Terug naar

Indeling in functionele delen

1 Energiesector = Σ Functionele delen

Indeling van een energiesector in functionele delen

Indeling van een energiesector in functionele delen

De energiesectoren van de EPN-eenheden moeten verder onderverdeeld worden in een of meerdere functionele delen.

Bij conventie kan een functioneel deel zich niet uitstrekken over verschillende energiesectoren. Er zijn dus altijd ten minste evenveel functionele delen als energiesectoren.

De functionele delen worden gekenmerkt door een functie. De regelgeving voorziet 18 verschillende functies. De keuze van elke functie wordt bepaald volgens de hoofdactiviteiten die zich afspelen in het functionele deel.

De energiesector(en) van een EPN-eenheid zal (zullen) vaak samengesteld zijn uit een combinatie van verschillende functies. Zo omvat een schoolgebouw bijvoorbeeld administratieve ruimten (functie “Kantoren”) en leslokalen (functie “Onderwijs”). Om te voorkomen dat een energiesector in te veel functionele delen wordt verdeeld, kunnen vereenvoudigingsregels worden toegepast.

De indeling in functionele delen maakt het mogelijk om bij de berekening van het PEV van de EPN-eenheid beter rekening te houden met de activiteiten in elk van deze delen.

Aandacht
De PEVmax-eis van de EPN-eenheid wordt bepaald in verhouding tot de functies die in de eenheid aanwezig zijn op basis van hun respectieve vloeroppervlakken. De indeling in functionele delen heeft dus een directe impact op de PEVmax-eis waaraan moet worden voldaan.

Elke functie wordt gekenmerkt door verschillende energetische gedragingen. De belangrijkste parameters die een waarde hebben met betrekking tot de functie in de EPB-rekenmethode zijn:

  • de bezettingstijden (uur/dag en dag/week), temperatuur ...,
  • de insteltemperaturen binnen voor de verwarming en de koeling,
  • de interne winsten door apparatuur en personen,
  • de jaarlijkse nettobehoeften voor sanitair warm water,
  • de hoeveelheid in te brengen vocht om de lucht te bevochtigen per m³,
  • het aantal gebruiksuren (overdag/'s nachts),
  • de werkingstijd van de ventilatie,
  • het comfortniveau van de verlichting.
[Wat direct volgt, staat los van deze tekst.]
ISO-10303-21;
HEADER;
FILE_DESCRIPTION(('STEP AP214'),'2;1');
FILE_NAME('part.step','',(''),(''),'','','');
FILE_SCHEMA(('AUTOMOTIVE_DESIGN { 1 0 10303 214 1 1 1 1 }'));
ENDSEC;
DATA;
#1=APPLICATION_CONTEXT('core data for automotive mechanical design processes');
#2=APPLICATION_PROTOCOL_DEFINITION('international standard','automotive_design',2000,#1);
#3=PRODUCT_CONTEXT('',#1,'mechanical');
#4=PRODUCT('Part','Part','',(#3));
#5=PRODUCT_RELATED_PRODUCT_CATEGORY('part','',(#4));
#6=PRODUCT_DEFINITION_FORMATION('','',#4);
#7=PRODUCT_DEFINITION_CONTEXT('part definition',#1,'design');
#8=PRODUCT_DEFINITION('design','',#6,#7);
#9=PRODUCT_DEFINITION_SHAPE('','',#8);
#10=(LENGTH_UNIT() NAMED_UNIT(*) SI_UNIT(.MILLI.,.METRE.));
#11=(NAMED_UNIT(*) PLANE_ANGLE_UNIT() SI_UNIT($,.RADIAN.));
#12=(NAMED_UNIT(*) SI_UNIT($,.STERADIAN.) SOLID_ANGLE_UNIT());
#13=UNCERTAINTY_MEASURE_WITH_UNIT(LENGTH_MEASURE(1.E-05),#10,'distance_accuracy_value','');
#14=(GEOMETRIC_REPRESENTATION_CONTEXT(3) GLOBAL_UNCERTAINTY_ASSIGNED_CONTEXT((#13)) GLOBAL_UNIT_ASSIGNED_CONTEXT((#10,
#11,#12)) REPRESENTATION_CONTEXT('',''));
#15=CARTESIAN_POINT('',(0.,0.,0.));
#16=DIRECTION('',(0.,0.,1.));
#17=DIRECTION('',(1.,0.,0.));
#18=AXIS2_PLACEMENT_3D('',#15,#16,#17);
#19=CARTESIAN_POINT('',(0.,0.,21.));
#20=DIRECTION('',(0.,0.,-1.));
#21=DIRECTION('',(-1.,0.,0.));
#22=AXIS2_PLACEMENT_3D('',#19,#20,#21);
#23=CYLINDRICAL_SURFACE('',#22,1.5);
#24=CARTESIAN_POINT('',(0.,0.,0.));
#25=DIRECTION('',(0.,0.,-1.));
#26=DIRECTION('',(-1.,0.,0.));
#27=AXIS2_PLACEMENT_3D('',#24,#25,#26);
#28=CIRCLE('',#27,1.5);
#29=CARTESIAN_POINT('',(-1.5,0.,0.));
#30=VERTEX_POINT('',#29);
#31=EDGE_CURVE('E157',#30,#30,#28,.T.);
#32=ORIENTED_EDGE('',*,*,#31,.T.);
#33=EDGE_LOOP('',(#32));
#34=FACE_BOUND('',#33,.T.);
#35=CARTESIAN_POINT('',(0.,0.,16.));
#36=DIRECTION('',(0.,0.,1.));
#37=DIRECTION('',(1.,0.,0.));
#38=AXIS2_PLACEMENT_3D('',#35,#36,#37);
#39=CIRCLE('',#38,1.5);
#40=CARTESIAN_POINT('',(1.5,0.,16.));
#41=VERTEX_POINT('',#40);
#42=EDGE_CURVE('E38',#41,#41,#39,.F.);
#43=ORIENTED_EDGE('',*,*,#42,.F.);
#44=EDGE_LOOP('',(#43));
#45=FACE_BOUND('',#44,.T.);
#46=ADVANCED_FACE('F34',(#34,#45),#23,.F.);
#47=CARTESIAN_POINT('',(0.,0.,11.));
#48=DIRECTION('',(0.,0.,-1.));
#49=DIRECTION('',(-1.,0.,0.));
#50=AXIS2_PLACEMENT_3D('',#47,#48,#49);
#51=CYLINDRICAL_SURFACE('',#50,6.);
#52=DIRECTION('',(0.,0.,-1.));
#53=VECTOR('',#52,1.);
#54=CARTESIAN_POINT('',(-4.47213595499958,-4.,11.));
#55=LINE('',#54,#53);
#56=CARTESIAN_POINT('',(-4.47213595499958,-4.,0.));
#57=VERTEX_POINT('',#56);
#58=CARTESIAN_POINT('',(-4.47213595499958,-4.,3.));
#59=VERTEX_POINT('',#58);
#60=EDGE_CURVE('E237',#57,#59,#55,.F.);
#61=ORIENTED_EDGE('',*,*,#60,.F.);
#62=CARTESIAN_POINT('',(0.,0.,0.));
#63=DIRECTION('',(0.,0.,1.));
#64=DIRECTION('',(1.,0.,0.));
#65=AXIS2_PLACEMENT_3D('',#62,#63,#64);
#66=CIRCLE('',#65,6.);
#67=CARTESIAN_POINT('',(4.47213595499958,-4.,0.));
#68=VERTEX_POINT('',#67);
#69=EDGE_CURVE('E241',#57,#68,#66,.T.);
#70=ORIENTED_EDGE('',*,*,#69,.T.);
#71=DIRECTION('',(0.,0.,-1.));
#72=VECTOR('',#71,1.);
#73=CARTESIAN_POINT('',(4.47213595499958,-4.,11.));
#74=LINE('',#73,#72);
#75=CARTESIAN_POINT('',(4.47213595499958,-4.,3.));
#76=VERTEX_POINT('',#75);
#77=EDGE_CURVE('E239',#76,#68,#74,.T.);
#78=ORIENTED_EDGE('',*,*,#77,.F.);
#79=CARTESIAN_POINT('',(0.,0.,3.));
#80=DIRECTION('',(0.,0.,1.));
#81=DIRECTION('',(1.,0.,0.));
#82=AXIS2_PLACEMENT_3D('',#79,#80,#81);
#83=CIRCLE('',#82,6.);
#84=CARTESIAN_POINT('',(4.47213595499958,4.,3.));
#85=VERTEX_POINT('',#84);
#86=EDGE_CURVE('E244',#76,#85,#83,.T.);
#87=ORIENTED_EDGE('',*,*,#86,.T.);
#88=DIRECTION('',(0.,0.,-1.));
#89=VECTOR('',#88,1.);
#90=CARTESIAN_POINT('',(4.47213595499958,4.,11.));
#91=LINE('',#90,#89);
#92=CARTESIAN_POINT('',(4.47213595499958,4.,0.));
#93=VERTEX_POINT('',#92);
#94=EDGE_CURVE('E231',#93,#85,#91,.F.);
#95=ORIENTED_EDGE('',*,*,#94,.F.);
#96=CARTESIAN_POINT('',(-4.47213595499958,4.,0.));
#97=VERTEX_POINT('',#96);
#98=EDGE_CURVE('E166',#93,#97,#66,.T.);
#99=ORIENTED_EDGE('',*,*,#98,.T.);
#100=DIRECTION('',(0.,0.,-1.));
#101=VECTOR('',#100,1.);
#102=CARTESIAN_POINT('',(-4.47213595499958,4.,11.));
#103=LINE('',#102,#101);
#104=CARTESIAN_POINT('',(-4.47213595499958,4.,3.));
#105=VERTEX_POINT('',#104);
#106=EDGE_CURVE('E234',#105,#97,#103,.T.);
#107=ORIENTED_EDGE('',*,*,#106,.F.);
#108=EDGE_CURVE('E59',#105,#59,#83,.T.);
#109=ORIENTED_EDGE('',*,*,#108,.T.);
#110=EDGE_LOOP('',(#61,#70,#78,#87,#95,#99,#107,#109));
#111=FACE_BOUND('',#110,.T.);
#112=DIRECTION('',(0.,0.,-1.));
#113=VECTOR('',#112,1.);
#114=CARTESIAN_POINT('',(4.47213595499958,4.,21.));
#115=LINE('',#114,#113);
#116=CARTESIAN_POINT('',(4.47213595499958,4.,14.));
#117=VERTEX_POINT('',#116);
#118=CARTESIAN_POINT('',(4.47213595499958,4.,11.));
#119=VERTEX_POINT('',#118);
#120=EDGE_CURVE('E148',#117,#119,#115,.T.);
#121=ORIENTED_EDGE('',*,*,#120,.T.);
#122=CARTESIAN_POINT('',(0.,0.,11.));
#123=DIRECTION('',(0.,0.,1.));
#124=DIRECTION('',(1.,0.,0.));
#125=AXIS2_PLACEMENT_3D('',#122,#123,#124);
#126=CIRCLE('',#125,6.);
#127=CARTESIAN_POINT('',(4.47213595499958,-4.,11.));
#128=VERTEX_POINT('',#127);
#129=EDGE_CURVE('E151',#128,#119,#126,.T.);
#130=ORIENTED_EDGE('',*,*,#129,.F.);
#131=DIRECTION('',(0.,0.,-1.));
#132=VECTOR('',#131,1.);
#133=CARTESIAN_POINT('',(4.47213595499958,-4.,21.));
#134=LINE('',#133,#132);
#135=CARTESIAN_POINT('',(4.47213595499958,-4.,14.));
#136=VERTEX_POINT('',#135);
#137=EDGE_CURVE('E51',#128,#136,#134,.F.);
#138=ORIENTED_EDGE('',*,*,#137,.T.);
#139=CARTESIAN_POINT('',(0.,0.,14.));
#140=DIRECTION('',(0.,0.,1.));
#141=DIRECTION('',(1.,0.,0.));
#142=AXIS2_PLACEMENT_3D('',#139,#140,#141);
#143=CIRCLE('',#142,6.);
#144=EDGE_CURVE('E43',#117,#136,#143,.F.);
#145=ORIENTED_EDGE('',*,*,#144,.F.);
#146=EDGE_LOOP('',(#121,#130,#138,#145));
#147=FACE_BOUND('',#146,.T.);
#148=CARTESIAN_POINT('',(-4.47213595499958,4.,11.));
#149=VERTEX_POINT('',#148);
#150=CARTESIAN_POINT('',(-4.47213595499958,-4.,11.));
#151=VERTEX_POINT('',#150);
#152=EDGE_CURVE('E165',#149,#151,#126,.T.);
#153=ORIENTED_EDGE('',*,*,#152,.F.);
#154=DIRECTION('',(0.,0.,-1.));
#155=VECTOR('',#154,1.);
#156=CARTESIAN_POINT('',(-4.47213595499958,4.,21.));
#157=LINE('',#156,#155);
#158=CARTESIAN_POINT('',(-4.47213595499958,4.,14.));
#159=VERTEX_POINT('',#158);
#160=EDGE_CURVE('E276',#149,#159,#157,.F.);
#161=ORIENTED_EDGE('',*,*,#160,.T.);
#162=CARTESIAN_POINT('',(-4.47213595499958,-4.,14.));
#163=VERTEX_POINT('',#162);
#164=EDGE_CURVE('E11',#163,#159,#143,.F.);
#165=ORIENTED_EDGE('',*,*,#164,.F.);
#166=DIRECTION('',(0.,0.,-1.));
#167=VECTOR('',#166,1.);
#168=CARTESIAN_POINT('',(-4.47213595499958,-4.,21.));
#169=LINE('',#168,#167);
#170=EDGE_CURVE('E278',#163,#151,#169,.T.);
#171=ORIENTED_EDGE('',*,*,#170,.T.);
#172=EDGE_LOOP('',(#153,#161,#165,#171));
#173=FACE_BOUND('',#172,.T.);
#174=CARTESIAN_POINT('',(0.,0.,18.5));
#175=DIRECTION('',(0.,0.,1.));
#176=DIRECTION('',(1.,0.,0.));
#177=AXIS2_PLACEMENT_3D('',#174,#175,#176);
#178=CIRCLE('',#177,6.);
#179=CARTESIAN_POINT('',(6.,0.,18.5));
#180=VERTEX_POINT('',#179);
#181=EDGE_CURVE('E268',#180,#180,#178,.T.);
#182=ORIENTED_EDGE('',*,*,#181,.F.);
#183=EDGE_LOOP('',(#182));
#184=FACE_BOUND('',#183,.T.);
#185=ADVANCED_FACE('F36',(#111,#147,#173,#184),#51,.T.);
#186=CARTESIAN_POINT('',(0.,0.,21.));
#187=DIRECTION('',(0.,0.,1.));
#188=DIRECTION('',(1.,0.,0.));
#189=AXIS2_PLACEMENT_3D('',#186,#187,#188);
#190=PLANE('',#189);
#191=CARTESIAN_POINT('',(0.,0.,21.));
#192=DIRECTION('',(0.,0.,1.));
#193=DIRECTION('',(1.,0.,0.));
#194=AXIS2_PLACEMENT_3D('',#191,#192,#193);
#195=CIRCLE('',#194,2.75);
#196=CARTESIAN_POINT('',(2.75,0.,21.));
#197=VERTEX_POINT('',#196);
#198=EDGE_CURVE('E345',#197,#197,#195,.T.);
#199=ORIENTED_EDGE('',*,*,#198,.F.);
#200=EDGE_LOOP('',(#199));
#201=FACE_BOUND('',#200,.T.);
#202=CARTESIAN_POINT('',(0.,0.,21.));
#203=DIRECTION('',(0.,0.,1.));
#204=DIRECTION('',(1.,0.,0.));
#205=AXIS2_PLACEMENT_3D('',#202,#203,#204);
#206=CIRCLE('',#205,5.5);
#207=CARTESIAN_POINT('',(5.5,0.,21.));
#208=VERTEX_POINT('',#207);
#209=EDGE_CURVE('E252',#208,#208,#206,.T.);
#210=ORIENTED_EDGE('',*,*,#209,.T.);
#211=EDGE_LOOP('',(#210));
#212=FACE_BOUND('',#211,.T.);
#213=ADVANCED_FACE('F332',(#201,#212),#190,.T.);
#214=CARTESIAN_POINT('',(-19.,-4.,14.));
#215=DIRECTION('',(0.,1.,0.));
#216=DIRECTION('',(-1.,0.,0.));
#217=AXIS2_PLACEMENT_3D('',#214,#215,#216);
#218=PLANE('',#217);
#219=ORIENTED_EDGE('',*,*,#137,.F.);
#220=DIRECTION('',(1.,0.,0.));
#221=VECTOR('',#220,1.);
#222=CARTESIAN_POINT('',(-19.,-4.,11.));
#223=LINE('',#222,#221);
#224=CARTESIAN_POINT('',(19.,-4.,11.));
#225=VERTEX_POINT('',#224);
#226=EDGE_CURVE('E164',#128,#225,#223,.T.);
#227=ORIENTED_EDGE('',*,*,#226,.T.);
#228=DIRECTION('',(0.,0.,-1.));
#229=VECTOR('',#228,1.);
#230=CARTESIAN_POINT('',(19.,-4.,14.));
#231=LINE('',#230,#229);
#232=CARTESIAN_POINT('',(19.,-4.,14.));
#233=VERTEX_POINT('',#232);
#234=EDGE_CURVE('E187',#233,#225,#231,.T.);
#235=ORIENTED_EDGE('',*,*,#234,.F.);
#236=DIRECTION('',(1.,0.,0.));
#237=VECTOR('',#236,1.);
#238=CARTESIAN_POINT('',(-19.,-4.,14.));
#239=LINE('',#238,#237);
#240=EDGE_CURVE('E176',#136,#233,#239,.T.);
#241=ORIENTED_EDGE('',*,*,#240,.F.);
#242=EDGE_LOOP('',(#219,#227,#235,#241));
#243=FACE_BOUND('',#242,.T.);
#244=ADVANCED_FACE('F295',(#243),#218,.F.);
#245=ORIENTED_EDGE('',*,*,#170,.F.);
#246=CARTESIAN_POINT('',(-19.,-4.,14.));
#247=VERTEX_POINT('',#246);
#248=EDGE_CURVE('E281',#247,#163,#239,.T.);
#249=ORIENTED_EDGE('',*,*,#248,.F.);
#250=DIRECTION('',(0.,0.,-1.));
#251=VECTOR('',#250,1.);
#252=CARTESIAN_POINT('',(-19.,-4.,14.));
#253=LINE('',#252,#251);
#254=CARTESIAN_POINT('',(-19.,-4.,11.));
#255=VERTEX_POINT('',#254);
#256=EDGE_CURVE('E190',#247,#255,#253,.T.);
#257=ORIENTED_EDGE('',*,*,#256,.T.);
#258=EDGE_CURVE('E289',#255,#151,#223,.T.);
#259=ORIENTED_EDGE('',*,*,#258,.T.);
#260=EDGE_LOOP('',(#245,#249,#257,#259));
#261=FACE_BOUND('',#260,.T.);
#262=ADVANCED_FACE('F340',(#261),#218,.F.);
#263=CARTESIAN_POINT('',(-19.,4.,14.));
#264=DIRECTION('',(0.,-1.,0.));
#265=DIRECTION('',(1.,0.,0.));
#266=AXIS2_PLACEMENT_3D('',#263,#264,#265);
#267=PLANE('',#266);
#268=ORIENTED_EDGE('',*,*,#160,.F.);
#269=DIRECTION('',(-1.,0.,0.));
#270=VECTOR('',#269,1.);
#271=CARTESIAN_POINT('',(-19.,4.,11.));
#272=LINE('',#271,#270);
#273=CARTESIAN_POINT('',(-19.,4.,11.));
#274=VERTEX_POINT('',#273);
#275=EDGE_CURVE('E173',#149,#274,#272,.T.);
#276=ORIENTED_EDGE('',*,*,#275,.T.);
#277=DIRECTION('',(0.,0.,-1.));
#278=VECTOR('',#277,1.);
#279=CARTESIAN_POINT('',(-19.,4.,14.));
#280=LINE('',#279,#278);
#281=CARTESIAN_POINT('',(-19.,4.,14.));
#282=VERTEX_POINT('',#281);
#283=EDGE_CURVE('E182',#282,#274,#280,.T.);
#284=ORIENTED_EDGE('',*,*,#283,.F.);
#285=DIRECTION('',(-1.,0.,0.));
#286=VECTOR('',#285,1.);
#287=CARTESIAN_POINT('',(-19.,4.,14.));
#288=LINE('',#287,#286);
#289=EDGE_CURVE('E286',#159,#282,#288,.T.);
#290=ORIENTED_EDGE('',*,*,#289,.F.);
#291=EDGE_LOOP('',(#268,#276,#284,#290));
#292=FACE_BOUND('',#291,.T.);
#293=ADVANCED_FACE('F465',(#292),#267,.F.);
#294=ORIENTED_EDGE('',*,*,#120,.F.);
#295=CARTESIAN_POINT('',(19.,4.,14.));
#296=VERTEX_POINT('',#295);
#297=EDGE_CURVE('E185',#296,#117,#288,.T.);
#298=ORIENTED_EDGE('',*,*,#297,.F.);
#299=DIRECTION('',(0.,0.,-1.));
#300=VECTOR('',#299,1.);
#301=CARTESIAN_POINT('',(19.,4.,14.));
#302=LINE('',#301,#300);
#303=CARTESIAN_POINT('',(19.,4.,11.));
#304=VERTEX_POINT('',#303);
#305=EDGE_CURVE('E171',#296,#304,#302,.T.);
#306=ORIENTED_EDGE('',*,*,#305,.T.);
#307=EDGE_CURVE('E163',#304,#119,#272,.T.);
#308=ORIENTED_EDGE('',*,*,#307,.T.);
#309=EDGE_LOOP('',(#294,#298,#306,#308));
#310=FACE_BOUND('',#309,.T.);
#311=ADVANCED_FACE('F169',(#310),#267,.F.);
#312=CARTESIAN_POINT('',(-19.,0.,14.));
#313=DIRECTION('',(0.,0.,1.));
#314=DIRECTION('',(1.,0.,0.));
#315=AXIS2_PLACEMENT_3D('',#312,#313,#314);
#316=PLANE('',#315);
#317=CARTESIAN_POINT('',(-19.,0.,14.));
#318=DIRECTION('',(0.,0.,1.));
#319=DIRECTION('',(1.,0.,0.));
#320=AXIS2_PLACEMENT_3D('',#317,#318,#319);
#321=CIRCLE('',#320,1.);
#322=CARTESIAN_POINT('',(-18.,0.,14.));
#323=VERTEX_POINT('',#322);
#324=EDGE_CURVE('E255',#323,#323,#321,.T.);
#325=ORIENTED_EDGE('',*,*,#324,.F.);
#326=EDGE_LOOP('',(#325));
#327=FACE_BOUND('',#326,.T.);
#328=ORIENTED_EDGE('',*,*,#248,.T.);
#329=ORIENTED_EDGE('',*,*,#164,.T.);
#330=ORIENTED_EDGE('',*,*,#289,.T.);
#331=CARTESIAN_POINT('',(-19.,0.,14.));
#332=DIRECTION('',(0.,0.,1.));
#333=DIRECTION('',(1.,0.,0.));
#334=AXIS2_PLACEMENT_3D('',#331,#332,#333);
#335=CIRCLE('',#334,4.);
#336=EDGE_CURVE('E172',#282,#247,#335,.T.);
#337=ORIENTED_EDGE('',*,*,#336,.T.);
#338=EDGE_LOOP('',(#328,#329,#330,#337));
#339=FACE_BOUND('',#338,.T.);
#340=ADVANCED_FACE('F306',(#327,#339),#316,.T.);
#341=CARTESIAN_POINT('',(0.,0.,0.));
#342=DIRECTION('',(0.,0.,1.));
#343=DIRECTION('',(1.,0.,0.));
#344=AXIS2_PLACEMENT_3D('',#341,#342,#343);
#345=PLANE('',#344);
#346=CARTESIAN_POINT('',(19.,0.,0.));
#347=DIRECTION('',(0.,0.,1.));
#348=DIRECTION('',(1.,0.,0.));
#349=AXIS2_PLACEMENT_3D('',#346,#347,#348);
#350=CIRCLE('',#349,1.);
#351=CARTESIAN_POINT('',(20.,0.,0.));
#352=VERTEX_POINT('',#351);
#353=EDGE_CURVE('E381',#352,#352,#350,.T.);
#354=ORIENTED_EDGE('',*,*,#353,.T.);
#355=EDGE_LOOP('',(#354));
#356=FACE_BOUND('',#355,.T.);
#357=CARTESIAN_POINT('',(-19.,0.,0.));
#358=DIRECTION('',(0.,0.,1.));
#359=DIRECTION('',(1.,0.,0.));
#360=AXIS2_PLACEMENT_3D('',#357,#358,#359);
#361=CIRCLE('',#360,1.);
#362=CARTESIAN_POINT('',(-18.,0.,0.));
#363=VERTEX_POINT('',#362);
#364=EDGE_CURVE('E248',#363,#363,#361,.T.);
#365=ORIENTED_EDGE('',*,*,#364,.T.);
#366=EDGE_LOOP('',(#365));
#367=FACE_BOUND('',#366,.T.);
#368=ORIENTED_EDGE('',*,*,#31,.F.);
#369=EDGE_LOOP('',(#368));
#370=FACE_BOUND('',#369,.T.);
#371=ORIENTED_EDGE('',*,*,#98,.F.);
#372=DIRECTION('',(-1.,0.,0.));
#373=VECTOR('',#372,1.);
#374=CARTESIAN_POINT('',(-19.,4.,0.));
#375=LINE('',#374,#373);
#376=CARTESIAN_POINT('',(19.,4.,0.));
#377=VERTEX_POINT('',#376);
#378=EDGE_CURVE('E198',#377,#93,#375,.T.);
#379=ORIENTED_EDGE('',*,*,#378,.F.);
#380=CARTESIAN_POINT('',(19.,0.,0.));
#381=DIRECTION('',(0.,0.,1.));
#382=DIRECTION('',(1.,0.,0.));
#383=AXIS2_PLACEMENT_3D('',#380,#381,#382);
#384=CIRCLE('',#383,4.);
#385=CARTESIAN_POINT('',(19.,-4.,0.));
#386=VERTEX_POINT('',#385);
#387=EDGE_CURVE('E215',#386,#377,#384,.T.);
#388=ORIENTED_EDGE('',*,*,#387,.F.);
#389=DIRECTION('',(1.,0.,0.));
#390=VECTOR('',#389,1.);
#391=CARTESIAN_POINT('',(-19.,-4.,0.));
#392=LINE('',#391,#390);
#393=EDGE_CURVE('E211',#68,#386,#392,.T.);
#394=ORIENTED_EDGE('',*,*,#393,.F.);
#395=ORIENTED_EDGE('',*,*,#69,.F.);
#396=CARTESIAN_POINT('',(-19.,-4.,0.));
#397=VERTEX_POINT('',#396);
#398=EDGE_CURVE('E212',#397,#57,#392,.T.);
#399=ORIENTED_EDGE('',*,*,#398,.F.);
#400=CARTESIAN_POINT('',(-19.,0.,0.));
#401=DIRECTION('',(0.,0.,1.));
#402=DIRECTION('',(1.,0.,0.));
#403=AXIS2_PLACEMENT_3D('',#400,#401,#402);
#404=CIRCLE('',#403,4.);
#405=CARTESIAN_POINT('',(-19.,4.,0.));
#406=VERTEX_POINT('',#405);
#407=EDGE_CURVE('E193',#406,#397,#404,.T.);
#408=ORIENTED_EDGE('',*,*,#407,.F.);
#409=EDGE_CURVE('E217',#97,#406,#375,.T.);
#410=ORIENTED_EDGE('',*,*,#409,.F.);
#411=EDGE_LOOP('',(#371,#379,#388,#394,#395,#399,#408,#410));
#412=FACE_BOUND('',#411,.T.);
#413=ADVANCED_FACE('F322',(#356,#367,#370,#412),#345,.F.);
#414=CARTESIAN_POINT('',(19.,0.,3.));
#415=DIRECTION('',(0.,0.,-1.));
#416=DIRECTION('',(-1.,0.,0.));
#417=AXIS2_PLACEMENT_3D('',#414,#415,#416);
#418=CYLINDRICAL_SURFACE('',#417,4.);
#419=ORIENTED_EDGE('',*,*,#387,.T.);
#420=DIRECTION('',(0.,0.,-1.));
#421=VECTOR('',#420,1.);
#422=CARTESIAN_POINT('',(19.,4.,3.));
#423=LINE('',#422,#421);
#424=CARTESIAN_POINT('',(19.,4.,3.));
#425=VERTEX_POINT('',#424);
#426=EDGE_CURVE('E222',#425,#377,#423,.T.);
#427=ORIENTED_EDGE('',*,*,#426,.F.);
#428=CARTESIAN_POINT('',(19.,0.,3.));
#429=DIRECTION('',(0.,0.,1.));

Deze parameters worden nader toegelicht in Deel 9 Berekeningsmethoden – Hoofdst 3 EPN-methode.

Twee aangrenzende functionele delen kunnen een verschillende rekenwaarde voor de binnentemperatuur hebben. Ter vereenvoudiging wordt aangenomen dat er geen warmtestroom plaatsvindt doorheen de scheidingsconstructies van de aangrenzende functionele delen.